# Pile up E11



## sandypool (Sep 12, 2009)

How many of these terrible tragedies have to occur before the authorities REALLY start tackling the route cause of these problems. i.e. decent driving instruction and tests and fines proportional to a persons means and perhaps the next time they catch someone exceeding 180-200KM on the road - an instant ban like the rest of the world would do. And perhaps the next time a 19 year old boy goes to the insurance company to get his high performance high weight car insured they will do what they did to me at 19 - tell me to come back with a 1 litre and they might find a way to insure me. I've had enough of this. Wasta and God need to be thrown out the window, driving like an idiot kills people and should be punished as such.

Emirates 24/7 At least 2 dead scores feared injured.

Hope all in the Expat Forum family are okay.


----------



## Maz25 (Jul 6, 2008)

Very sad indeed!

I do think however that the high speed is probably a lesser factor as opposed to the fact that a lot of people just CANNOT drive!! It also, as you have rightly pointed out, does not help that some people have access to cars that are far too powerful.

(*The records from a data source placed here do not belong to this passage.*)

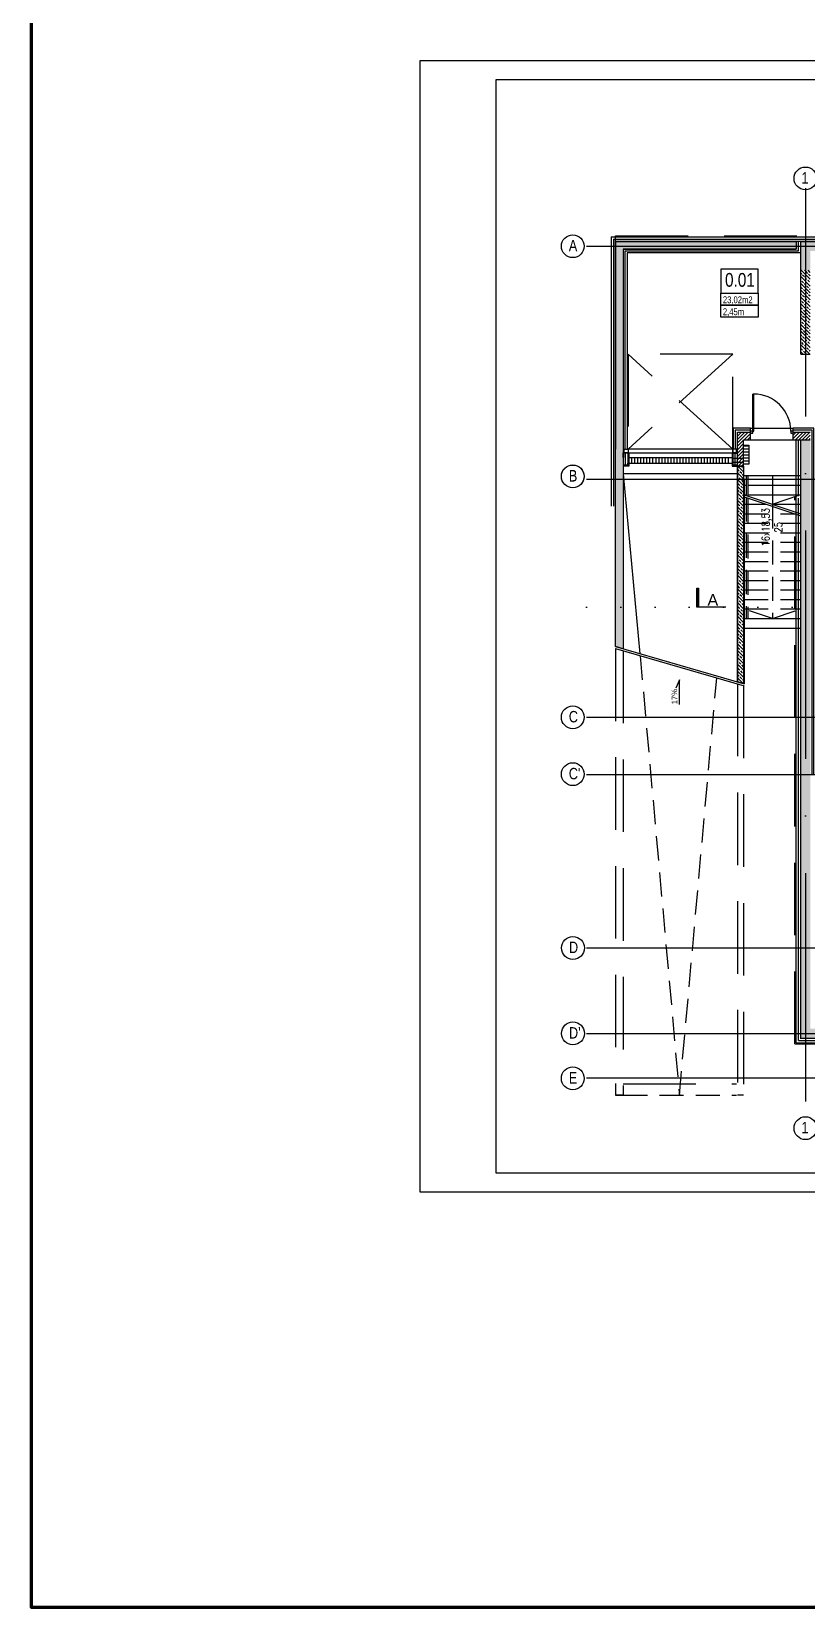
# Model space of a CAD drawing. Header units: millimetres. Extents: x -135140 to 267856, y -70704 to 149933.
# Drawn here: x 146146 to 166503, y -70238 to -28859 of the extents above; entities that cross this region are included whole.
import ezdxf

# ---------------------------------------------------------------- set-up
doc = ezdxf.new("R2010")
doc.units = ezdxf.units.MM
doc.header["$LTSCALE"] = 99.9
for name, pattern in [('ACAD_ISO03W100', [30, 12, -18]), ('ACAD_ISO07W100', [3, 0, -3]), ('ACAD_ISO10W100', [18, 12, -3, 0, -3]), ('HIDDEN', [9.525, 6.35, -3.175])]:
    doc.linetypes.add(name, pattern=pattern)
for name, color, linetype in [('+48_HACZE', 253, 'Continuous'), ('+48_IZOLACJE', 250, 'Continuous'), ('+48_OPISY', 251, 'Continuous'), ('+48_OPISY_POM', 250, 'Continuous'), ('+48_OSIE', 8, 'Continuous'), ('+48_SCHODY', 250, 'Continuous'), ('+48_SCIANY', 250, 'Continuous'), ('+48_STOLARKA_DRZWI', 250, 'Continuous'), ('+48_STOLARKA_OKNA', 250, 'Continuous'), ('+48_WEŁNA', 252, 'Continuous'), ('+48_WIDOK', 250, 'Continuous'), ('CP_LINENORM', 253, 'Continuous'), ('SCHODY_', 250, 'Continuous')]:
    doc.layers.add(name, color=color, linetype=linetype)
doc.styles.get("Standard").update_dxf_attribs({"font": 'ARIAL.TTF'})
doc.styles.add('WRP_ARIAL', font='ARIAL.TTF', dxfattribs={"width": 0.8})
doc.styles.add('wymiary', font='romans.shx', dxfattribs={"width": 0.8})
doc.linetypes.add('ZIGZAG', pattern='A,0.00254,-5.08,[131,ltypeshp.shx,S=5.08,R=0,X=-5.08,Y=0],-10.16,[131,ltypeshp.shx,S=5.08,R=180,X=5.08,Y=0],-5.08', length=20.32254)
pattern_1 = [(135, (-521979.69, -79392.44), (-89.802561, -89.802561), []), (135, (-521979.69, -79302.64), (-89.802561, -89.802561), [63.5, -31.75])]
pattern_2 = [(135, (-521979.69, -79392.44), (-89.802561, -89.802561), []), (135, (-521979.69, -79302.64), (-89.802561, -89.802561), [63.5, -31.75])]

# ---------------------------------------------------------------- blocks, each defined once
blk = doc.blocks.new('OZN_OSI')
at = {"layer": '+48_OSIE', "linetype": 'Continuous', "ltscale": 5}
blk.add_circle((0, -30), 30, dxfattribs=at)
at = {"layer": '+48_OSIE', "linetype": 'Continuous', "ltscale": 5, "style": 'WRP_ARIAL', "width": 0.8}
blk.add_attdef('NR', (-23.3, -43.5), '', height=30, dxfattribs=at)
blk = doc.blocks.new('OPISY_POM_METKA')
at = {"layer": '+48_OPISY_POM', "ltscale": 5}
for points in [[(0, -70), (109.7, -70), (109.7, 0), (0, 0)], [(109.7, -105), (0, -105), (0, -70), (109.7, -70)]]:
    blk.add_lwpolyline(points, close=True, dxfattribs=at)
at = {"layer": '+48_OPISY_POM'}
blk.add_lwpolyline([(109.7, -140), (0, -140), (0, -105), (109.7, -105)], close=True, dxfattribs=at)
at = {"layer": '+48_OPISY_POM', "ltscale": 5, "style": 'WRP_ARIAL', "width": 0.8}
for tag, p, height in [('NRPOM', (25.8, -50.8), 40), ('POW', (6.4, -99), 20)]:
    blk.add_attdef(tag, p, '', height=height, dxfattribs=at)
at = {"layer": '+48_OPISY_POM', "style": 'WRP_ARIAL', "width": 0.8}
blk.add_attdef('H', (6.4, -134), '', height=20, dxfattribs=at)
blk = doc.blocks.new('drzwi')
at = {"layer": '+48_STOLARKA_DRZWI'}
for p, q in [((-2, 0), (-2, -70)), ((0, 0), (-2, 0)), ((0, 0), (0, -70)), ((-2, -70), (0, -70))]:
    blk.add_line(p, q, dxfattribs=at)
blk.add_arc((-2, 0), 70, 180, 270, dxfattribs=at)

msp = doc.modelspace()

# ---------------------------------------------------------------- hatches: boundary and pattern name
at = {"layer": '+48_HACZE'}
h = msp.add_hatch(dxfattribs=at)
h.set_pattern_fill('ANSI33', color=256, scale=20, angle=90, style=0)
h.set_pattern_definition(pattern_2)
h.paths.add_polyline_path([(161490, -45007), (161665, -45057), (161665, -34571), (166230, -34571), (166230, -34371), (161490, -34371)])
h = msp.add_hatch(dxfattribs=at)
h.set_pattern_fill('ANSI33', color=256, scale=20, angle=90, style=0)
h.set_pattern_definition(pattern_1)
h.paths.add_polyline_path([(184875, -34371), (182307, -34371), (182307, -34430), (182307, -34496), (184875, -34496)])
h.paths.add_polyline_path([(184875, -34496), (182307, -34496), (182307, -34621), (184875, -34621)])
h.paths.add_polyline_path([(182307, -34496), (180275, -34496), (180275, -34621), (182307, -34621)])
h.paths.add_polyline_path([(182307, -34371), (180275, -34371), (180275, -34496), (182307, -34496), (182307, -34430)])
h.paths.add_polyline_path([(180275, -34371), (175075, -34371), (175075, -34496), (180275, -34496)])
h.paths.add_polyline_path([(180275, -34496), (175075, -34496), (175075, -34621), (180275, -34621)])
h.paths.add_polyline_path([(175075, -34496), (170875, -34496), (170875, -34621), (172415, -34621), (172415, -34621), (173333, -34621), (173333, -34621), (173333, -34621), (175075, -34621)])
h.paths.add_polyline_path([(175075, -34371), (170875, -34371), (170875, -34496), (175075, -34496)])
h.paths.add_polyline_path([(170875, -34496), (167065, -34496), (167065, -34621), (170875, -34621)])
h.paths.add_polyline_path([(170875, -34371), (167065, -34371), (167065, -34496), (170875, -34496)])
h.paths.add_polyline_path([(167065, -34496), (166475, -34496), (166475, -35126), (166600, -35126), (166600, -34621), (167065, -34621)])
h.paths.add_polyline_path([(167065, -34371), (166475, -34371), (166475, -34496), (167065, -34496)])
h.paths.add_polyline_path([(166475, -34371), (166350, -34371), (166350, -34496), (166475, -34496)])
h.paths.add_polyline_path([(166475, -34496), (166350, -34496), (166350, -35126), (166475, -35126)])
h = msp.add_hatch(dxfattribs=at)
h.set_pattern_fill('ANSI33', color=256, scale=20, angle=90, style=0)
h.set_pattern_definition(pattern_2)
h.paths.add_polyline_path([(166475, -35126), (166350, -35126), (166350, -36977), (166475, -36977)])
h.paths.add_polyline_path([(166600, -35126), (166475, -35126), (166475, -36977), (166600, -36977)])
h.paths.add_polyline_path([(166600, -36977), (166475, -36977), (166475, -37331), (166600, -37331)])
h.paths.add_polyline_path([(166475, -36977), (166350, -36977), (166350, -37331), (166475, -37331)])
h = msp.add_hatch(dxfattribs=at)
h.set_pattern_fill('ANSI31', color=256, scale=20, angle=180, style=0)
h.set_pattern_definition([(225, (-521979.69, -79392.44), (44.9012806, -44.9012806), [])])
h.paths.add_polyline_path([(164850, -39576), (165030, -39576), (165030, -39376), (164690, -39376), (164690, -40271), (164850, -40271)])
h = msp.add_hatch(dxfattribs=at)
h.set_pattern_fill('ANSI31', color=256, scale=20, angle=180, style=0)
h.set_pattern_definition([(225, (-521979.69, -79392.44), (44.9012806, -44.9012806), [])])
h.paths.add_polyline_path([(166150, -39376), (166150, -39576), (166475, -39576), (166475, -39376)])
h.paths.add_polyline_path([(166475, -39576), (166600, -39576), (166600, -39376), (166475, -39376)])
h = msp.add_hatch(dxfattribs=at)
h.set_pattern_fill('ANSI33', color=256, scale=20, angle=90, style=0)
h.set_pattern_definition(pattern_1)
h.paths.add_polyline_path([(182681, -56378), (182681, -56336), (180275, -56336), (180275, -56461), (182681, -56461)])
h.paths.add_polyline_path([(182681, -56211), (180425, -56211), (180425, -55838), (180275, -55838), (180275, -56336), (182681, -56336)])
h.paths.add_polyline_path([(180275, -56336), (180175, -56336), (180175, -56461), (180275, -56461)])
h.paths.add_polyline_path([(180275, -55838), (180175, -55838), (180175, -56336), (180275, -56336)])
h.paths.add_polyline_path([(180275, -55166), (180125, -55166), (180125, -55291), (180175, -55291), (180175, -55838), (180275, -55838)])
h.paths.add_polyline_path([(180425, -55166), (180275, -55166), (180275, -55838), (180425, -55838)])
h.paths.add_polyline_path([(180425, -55041), (180275, -55041), (180275, -55166), (180425, -55166)])
h.paths.add_polyline_path([(180275, -55041), (180125, -55041), (180125, -55166), (180275, -55166)])
h.paths.add_polyline_path([(180125, -55041), (175225, -55041), (175225, -55166), (180125, -55166)])
h.paths.add_polyline_path([(180125, -55166), (175225, -55166), (175225, -55291), (180125, -55291)])
h.paths.add_polyline_path([(175225, -55041), (175075, -55041), (175075, -55166), (175225, -55166)])
h.paths.add_polyline_path([(175225, -55166), (175075, -55166), (175075, -55291), (175225, -55291)])
h.paths.add_polyline_path([(175075, -55166), (174925, -55166), (174925, -55291), (175075, -55291)])
h.paths.add_polyline_path([(175075, -55041), (174925, -55041), (174925, -55166), (175075, -55166)])
h.paths.add_polyline_path([(174925, -55041), (172352, -55041), (172352, -55166), (174925, -55166)])
h.paths.add_polyline_path([(174925, -55166), (172352, -55166), (172352, -55291), (174925, -55291)])
h.paths.add_polyline_path([(172352, -55166), (170875, -55166), (170875, -55291), (172352, -55291), (172352, -55277)])
h.paths.add_polyline_path([(172352, -55041), (170875, -55041), (170875, -55166), (172352, -55166)])
h.paths.add_polyline_path([(170875, -55041), (167065, -55041), (167065, -55166), (170875, -55166)])
h.paths.add_polyline_path([(170875, -55166), (167065, -55166), (167065, -55291), (170875, -55291)])
h.paths.add_polyline_path([(167065, -55166), (166475, -55166), (166475, -55291), (167065, -55291)])
h.paths.add_polyline_path([(167065, -55041), (166600, -55041), (166600, -52916), (166475, -52916), (166475, -55166), (167065, -55166)])
h.paths.add_polyline_path([(166475, -55166), (166350, -55166), (166350, -55291), (166475, -55291)])
h.paths.add_polyline_path([(166475, -52916), (166350, -52916), (166350, -55166), (166475, -55166)])
h.paths.add_polyline_path([(166475, -52200), (166355, -52200), (166350, -52200), (166350, -52916), (166475, -52916)])
h.paths.add_polyline_path([(166600, -52200), (166475, -52200), (166475, -52916), (166600, -52916)])
h.paths.add_polyline_path([(166600, -49899), (166475, -49899), (166475, -52200), (166600, -52200)])
h.paths.add_polyline_path([(166475, -49899), (166350, -49899), (166350, -52200), (166468, -52200), (166475, -52200)])
h.paths.add_polyline_path([(166475, -48366), (166350, -48366), (166350, -49899), (166475, -49899)])
h.paths.add_polyline_path([(166600, -48446), (166600, -48366), (166475, -48366), (166475, -49899), (166600, -49899)])
h.paths.add_polyline_path([(166600, -46991), (166600, -46866), (166475, -46866), (166475, -48366), (166600, -48366)])
h.paths.add_polyline_path([(166475, -46866), (166350, -46866), (166350, -48366), (166475, -48366)])
h.paths.add_polyline_path([(166475, -43971), (166350, -43971), (166350, -46866), (166475, -46866)])
h.paths.add_polyline_path([(166600, -43971), (166475, -43971), (166475, -46866), (166600, -46866)])
h.paths.add_polyline_path([(166475, -40616), (166350, -40616), (166350, -43971), (166475, -43971)])
h.paths.add_polyline_path([(166600, -40616), (166475, -40616), (166475, -43971), (166600, -43971)])
h.paths.add_polyline_path([(166475, -39591), (166350, -39591), (166350, -40616), (166475, -40616)])
h.paths.add_polyline_path([(166600, -39591), (166475, -39591), (166475, -40616), (166600, -40616)])
h = msp.add_hatch(dxfattribs=at)
h.set_pattern_fill('ANSI33', color=256, scale=20, angle=90, style=0)
h.set_pattern_definition([(135, (-521964.69, -79392.44), (-89.802561, -89.802561), []), (135, (-521964.69, -79302.64), (-89.802561, -89.802561), [63.5, -31.75])])
h.paths.add_polyline_path([(164850, -45981), (164690, -45935), (164690, -40271), (164850, -40271)])
at = {"layer": '+48_OPISY', "ltscale": 5}
msp.add_hatch(color=256, dxfattribs=at).paths.add_polyline_path([(163623, -43971), (163623, -43471), (163663, -43471), (163663, -43971)])
at = {"layer": '+48_WIDOK'}
h = msp.add_hatch(dxfattribs=at)
h.set_pattern_fill('ANSI31', color=256, scale=25, angle=135, style=0)
h.set_pattern_definition([(180, (-521994.69, -79342.44), (-1e-14, -79.375), [])])
h.paths.add_polyline_path([(164850, -40221), (164990, -40221), (164990, -39721), (164850, -39721)])
h = msp.add_hatch(dxfattribs=at)
h.set_pattern_fill('ANSI31', color=256, scale=25, angle=45, style=0)
h.set_pattern_definition([(90, (-521979.69, -79317.44), (-79.375, 1e-14), [])])
h.paths.add_polyline_path([(161832, -40046), (164518, -40046), (164518, -40196), (161832, -40196)])

# ---------------------------------------------------------------- linework, layer by layer
at = {"layer": '+48_IZOLACJE', "linetype": 'ACAD_ISO03W100', "ltscale": 0.9}
msp.add_lwpolyline([(161480, -45005, 20, 20, 0), (161480, -34361, 20, 20, 0), (166340, -34361, 20, 20, 0), (190810, -34361, 20, 20, 0), (190810, -56471, 20, 20, 0), (180165, -56471, 20, 20, 0), (180165, -55301, 20, 20, 0), (166340, -55301, 20, 20, 0), (166340, -41126, 0, 0, 0)], format="xyseb", dxfattribs=at)
at = {"layer": '+48_IZOLACJE', "linetype": 'ACAD_ISO03W100', "ltscale": 0.9, "const_width": 20}
for points in [[(166340, -41073), (166340, -39576)], [(166340, -41073), (166340, -39576)], [(164875, -40634), (164875, -45987)]]:
    msp.add_lwpolyline(points, dxfattribs=at)
at = {"layer": '+48_OPISY', "ltscale": 5}
for p, q in [((163623, -43971), (163623, -43471)), ((163663, -43971), (163663, -43471))]:
    msp.add_line(p, q, dxfattribs=at)
at = {"layer": '+48_OPISY', "linetype": 'ACAD_ISO07W100', "ltscale": 3}
msp.add_line((160727, -43971), (191870, -43971), dxfattribs=at)
at = {"layer": '+48_OPISY', "ltscale": 5}
msp.add_lwpolyline([(164383, -43971), (163623, -43971), (163623, -43471), (163663, -43471), (163663, -43971), (163623, -43971)], dxfattribs=at)
at = {"layer": '+48_OSIE', "linetype": 'ACAD_ISO10W100', "ltscale": 5}
for p, q in [((166475, -32973), (166475, -57353)), ((160727, -34496), (191870, -34496)), ((160727, -40616), (191870, -40616)), ((160727, -46866), (191870, -46866)), ((160727, -48366), (175691, -48366)), ((160727, -52916), (191870, -52916)), ((160727, -55166), (191870, -55166)), ((160727, -56336), (191870, -56336))]:
    msp.add_line(p, q, dxfattribs=at)
at = {"layer": '+48_SCHODY'}
for p, q in [((164690, -40471), (161690, -40471)), ((164865, -40521), (166350, -40521)), ((164915, -40521), (164915, -41038)), ((164965, -40521), (164965, -41054)), ((164865, -40771), (164915, -40771)), ((164965, -40771), (166350, -40771)), ((164865, -41021), (164915, -41021)), ((164865, -41021), (166350, -41521)), ((164865, -41073), (166350, -41573)), ((164965, -41021), (166350, -41021)), ((165608, -41271), (166328, -41021)), ((165608, -41271), (166350, -41271)), ((161490, -45007), (164865, -45985)), ((161490, -45061), (164865, -46037))]:
    msp.add_line(p, q, dxfattribs=at)
at = {"layer": '+48_SCHODY', "linetype": 'HIDDEN'}
for p, q in [((164865, -41271), (165451, -41271)), ((164915, -41094), (164915, -44271)), ((164965, -41113), (164965, -44271)), ((164865, -41521), (166193, -41521)), ((164865, -41771), (166350, -41771)), ((164865, -42021), (166350, -42021)), ((164865, -42271), (166350, -42271)), ((164865, -42521), (166350, -42521)), ((164860, -43021), (166350, -43021)), ((164865, -42771), (166350, -42771)), ((164865, -43271), (166350, -43271)), ((164865, -43521), (166350, -43521)), ((164865, -43771), (166350, -43771)), ((164865, -44021), (166350, -44021)), ((164865, -44271), (166350, -44271)), ((161690, -56786), (164665, -56786))]:
    msp.add_line(p, q, dxfattribs=at)
at = {"layer": '+48_SCHODY'}
for points in [[(161690, -40471), (162128, -45198)], [(165608, -40521), (165608, -41271)], [(163165, -46532), (163165, -45884), (163067, -46104)]]:
    msp.add_lwpolyline(points, dxfattribs=at)
at = {"layer": '+48_SCHODY', "linetype": 'HIDDEN'}
for points in [[(165608, -41271), (165608, -44271), (164865, -44021)], [(165608, -44271), (166350, -44021)], [(162133, -45252), (163165, -56786), (164146, -45830)]]:
    msp.add_lwpolyline(points, dxfattribs=at)
at = {"layer": '+48_SCIANY'}
for p, q in [((161490, -34371), (166230, -34371)), ((161690, -34571), (166230, -34571)), ((166350, -37331), (166350, -34371)), ((166350, -34371), (190800, -34371)), ((166350, -34371), (166350, -34371)), ((166350, -36991), (166350, -36326)), ((166350, -37331), (166600, -37331)), ((164690, -39376), (165030, -39376)), ((164850, -39576), (165030, -39576)), ((166150, -39376), (166600, -39376)), ((166150, -39576), (166600, -39576)), ((166350, -55291), (166350, -39576)), ((164690, -40271), (164690, -45935)), ((164850, -40271), (164690, -40271)), ((164850, -40271), (164865, -44271)), ((164865, -44076), (164850, -45981))]:
    msp.add_line(p, q, dxfattribs=at)
at = {"layer": '+48_SCIANY', "linetype": 'Continuous'}
for p, q in [((166350, -34571), (166350, -34571)), ((161690, -56786), (161490, -56786))]:
    msp.add_line(p, q, dxfattribs=at)
at = {"layer": '+48_SCIANY', "linetype": 'HIDDEN', "ltscale": 3}
for p, q in [((164865, -44271), (166250, -44271)), ((164865, -44521), (166350, -44521)), ((161490, -45061), (161490, -56786)), ((161690, -45118), (161690, -56786)), ((164690, -45986), (164690, -56786)), ((164850, -46033), (164850, -56786)), ((161690, -56486), (164665, -56486)), ((161490, -56786), (161690, -56786)), ((164850, -56786), (164690, -56786))]:
    msp.add_line(p, q, dxfattribs=at)
at = {"layer": '+48_SCIANY', "ltscale": 3}
msp.add_line((166350, -55291), (180175, -55291), dxfattribs=at)
at = {"layer": '+48_SCIANY', "ltscale": 0.3}
for points in [[(166230, -34371), (166230, -34571), (161690, -34571), (161690, -45064), (161490, -45007), (161490, -34371), (166230, -34371)], [(166230, -34371), (161490, -34371), (161490, -39826)], [(164850, -45981), (164690, -45935), (164690, -40271), (164850, -40271), (164850, -45981)]]:
    msp.add_lwpolyline(points, dxfattribs=at)
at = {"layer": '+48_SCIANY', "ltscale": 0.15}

Add that to the non-existent driving skills and you have a recipe for disaster.

I also get super annoyed when people claim that 'it was God's will'! How can it be God's will for someone to go out and drive like a complete maniac and kill others in the process. The sad truth is that often the person who causes the accident is also the one who ends up walking away from it, whilst the innocent party pays with their lives!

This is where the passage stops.